Go to the line in the entries below that holds "Saturation1/1 -> Fermentor/1(u), To" and repeat exactly from there through the line that holds "Sum7/1 -> [S_refere]", inclusive.

BEGIN DATASET EXCERPTS

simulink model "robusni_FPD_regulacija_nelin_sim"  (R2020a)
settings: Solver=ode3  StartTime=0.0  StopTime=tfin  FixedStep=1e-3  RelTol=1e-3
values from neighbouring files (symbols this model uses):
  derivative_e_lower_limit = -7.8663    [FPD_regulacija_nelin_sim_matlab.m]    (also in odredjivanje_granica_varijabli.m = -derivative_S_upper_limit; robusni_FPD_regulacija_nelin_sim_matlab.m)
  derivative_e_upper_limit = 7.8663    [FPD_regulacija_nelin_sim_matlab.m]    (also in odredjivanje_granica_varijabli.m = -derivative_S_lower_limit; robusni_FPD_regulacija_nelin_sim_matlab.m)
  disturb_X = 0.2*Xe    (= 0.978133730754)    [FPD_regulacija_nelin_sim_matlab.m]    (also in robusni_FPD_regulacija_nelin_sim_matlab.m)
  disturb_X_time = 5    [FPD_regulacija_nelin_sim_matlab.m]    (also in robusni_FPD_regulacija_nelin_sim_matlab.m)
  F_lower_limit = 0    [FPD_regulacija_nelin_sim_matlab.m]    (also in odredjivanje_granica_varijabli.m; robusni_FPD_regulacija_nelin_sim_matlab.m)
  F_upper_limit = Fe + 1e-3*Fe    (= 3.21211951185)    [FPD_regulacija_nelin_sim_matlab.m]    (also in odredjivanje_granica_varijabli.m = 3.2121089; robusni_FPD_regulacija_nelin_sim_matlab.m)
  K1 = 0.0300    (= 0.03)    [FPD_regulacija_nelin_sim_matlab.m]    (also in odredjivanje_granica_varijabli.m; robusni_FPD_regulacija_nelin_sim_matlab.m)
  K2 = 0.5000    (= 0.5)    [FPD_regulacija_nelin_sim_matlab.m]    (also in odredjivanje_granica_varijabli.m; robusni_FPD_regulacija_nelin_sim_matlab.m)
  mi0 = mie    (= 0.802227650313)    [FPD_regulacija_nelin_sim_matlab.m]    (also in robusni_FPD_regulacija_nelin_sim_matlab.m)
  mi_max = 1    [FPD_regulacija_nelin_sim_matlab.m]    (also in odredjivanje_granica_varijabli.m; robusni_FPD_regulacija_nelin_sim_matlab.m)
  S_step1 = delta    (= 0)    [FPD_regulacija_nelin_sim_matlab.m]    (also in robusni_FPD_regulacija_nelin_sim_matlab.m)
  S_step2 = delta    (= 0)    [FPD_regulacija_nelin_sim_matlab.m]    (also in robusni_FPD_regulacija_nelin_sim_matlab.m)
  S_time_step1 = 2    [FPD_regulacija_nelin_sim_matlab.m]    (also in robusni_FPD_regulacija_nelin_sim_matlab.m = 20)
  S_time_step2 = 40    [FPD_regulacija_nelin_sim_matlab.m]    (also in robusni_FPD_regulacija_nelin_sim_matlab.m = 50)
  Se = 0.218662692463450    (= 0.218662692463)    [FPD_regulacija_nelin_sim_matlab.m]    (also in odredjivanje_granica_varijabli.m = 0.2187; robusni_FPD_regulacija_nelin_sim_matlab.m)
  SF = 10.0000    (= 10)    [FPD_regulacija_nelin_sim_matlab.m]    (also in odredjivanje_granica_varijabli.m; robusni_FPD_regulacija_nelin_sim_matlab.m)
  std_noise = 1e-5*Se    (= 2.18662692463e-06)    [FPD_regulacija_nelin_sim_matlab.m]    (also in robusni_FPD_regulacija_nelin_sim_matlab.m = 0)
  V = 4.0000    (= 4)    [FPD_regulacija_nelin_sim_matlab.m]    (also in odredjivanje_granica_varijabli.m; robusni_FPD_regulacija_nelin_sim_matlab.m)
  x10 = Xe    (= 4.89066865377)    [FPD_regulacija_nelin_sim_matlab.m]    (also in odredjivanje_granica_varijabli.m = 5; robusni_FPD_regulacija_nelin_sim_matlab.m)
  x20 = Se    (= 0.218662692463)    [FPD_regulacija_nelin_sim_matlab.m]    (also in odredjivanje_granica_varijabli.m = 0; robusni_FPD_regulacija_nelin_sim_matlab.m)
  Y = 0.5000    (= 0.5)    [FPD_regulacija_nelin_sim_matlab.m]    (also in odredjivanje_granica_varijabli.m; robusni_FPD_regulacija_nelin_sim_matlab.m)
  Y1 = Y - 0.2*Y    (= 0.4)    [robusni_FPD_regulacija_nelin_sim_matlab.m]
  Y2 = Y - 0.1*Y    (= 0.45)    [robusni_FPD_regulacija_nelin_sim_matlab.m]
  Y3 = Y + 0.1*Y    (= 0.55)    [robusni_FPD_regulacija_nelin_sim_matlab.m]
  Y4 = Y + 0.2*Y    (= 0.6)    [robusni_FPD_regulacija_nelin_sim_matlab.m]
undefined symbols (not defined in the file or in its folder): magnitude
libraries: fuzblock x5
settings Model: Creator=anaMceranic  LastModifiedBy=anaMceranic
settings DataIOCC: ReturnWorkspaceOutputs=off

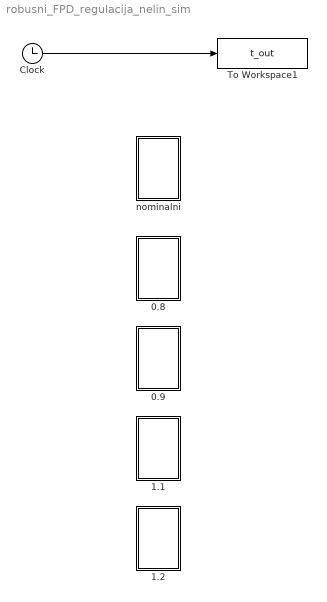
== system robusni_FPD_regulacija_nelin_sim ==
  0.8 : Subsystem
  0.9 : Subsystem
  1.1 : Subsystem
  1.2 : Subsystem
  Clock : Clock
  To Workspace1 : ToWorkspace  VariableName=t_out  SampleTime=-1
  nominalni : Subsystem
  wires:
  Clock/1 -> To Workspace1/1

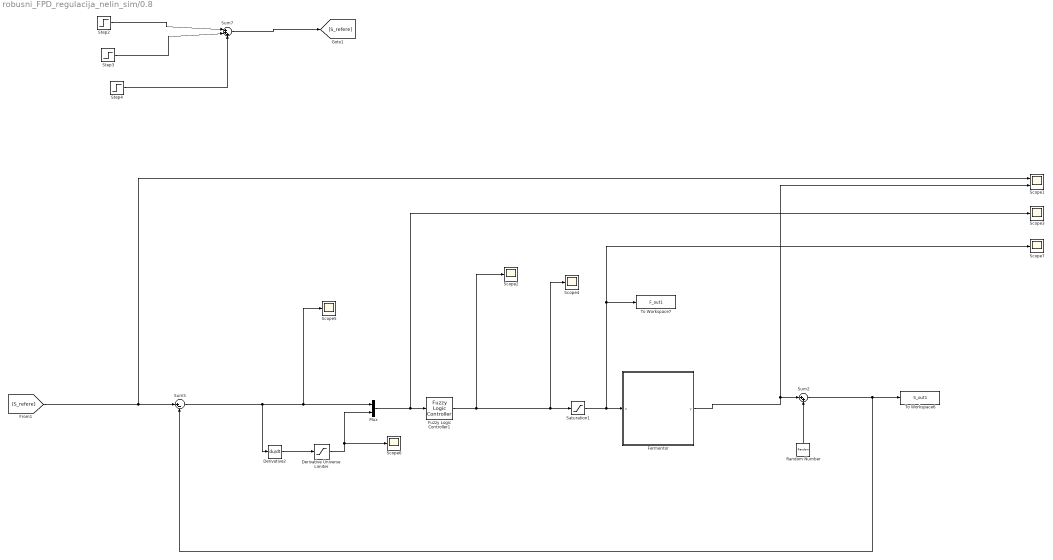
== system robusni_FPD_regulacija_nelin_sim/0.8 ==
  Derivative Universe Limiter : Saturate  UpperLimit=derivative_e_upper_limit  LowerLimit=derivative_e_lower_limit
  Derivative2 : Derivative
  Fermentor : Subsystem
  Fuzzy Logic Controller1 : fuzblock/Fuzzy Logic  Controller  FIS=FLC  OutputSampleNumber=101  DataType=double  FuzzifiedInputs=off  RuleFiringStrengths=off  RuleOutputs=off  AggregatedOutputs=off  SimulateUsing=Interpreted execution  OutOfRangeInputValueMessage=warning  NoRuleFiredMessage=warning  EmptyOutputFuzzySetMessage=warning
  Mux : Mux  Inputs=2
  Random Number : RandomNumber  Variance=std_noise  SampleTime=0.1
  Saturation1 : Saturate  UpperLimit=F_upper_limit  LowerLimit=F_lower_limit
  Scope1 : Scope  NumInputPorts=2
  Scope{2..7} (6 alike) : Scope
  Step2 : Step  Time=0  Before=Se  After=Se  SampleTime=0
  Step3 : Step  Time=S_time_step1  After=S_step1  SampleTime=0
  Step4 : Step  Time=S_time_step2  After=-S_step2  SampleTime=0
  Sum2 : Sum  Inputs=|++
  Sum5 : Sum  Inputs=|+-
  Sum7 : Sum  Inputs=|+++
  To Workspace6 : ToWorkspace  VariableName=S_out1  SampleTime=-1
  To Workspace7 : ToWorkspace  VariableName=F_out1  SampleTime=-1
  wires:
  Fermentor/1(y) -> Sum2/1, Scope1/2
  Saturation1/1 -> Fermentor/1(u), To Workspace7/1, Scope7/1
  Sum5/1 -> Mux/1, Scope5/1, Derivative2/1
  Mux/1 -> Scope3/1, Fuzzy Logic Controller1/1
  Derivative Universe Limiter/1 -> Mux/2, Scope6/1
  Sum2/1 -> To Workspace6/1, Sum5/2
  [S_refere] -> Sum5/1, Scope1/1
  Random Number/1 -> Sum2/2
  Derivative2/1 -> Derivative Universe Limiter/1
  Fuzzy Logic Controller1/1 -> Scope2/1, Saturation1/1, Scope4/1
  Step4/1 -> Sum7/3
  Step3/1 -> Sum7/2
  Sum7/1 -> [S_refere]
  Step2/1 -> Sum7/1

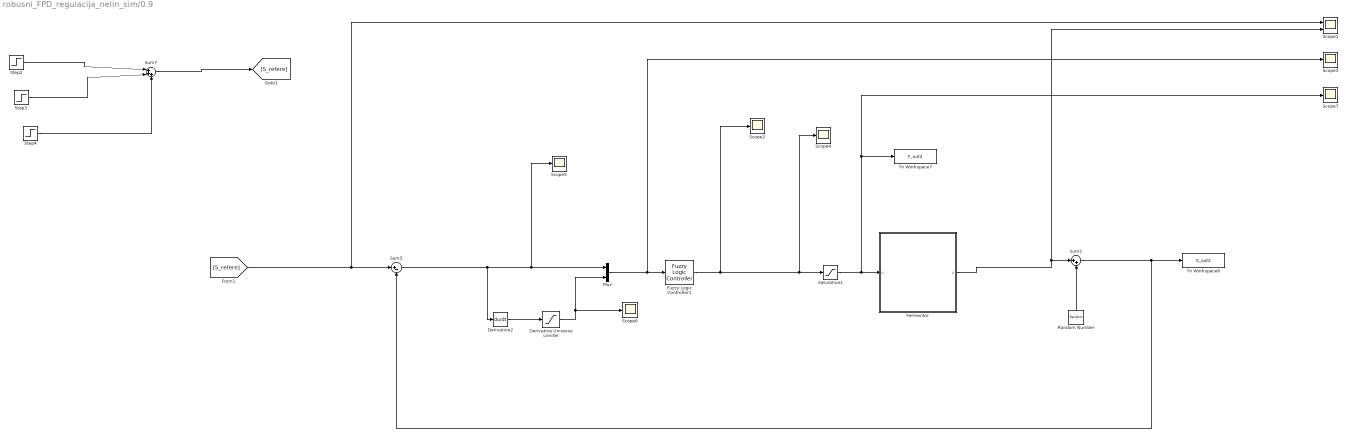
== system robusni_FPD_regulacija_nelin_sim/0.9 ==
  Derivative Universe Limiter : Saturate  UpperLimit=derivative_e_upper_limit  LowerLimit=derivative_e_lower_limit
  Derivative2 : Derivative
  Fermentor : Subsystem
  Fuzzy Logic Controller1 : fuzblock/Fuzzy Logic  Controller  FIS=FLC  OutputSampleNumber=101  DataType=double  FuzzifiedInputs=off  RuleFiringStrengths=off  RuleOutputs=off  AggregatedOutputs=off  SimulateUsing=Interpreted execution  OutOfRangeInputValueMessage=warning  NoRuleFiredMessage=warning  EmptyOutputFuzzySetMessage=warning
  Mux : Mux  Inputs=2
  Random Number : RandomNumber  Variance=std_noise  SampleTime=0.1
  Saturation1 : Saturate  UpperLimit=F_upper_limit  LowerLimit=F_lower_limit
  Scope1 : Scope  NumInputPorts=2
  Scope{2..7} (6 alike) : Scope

END DATASET EXCERPTS

RESULT OF THIS TASK –
  Saturation1/1 -> Fermentor/1(u), To Workspace7/1, Scope7/1
  Sum5/1 -> Mux/1, Scope5/1, Derivative2/1
  Mux/1 -> Scope3/1, Fuzzy Logic Controller1/1
  Derivative Universe Limiter/1 -> Mux/2, Scope6/1
  Sum2/1 -> To Workspace6/1, Sum5/2
  [S_refere] -> Sum5/1, Scope1/1
  Random Number/1 -> Sum2/2
  Derivative2/1 -> Derivative Universe Limiter/1
  Fuzzy Logic Controller1/1 -> Scope2/1, Saturation1/1, Scope4/1
  Step4/1 -> Sum7/3
  Step3/1 -> Sum7/2
  Sum7/1 -> [S_refere]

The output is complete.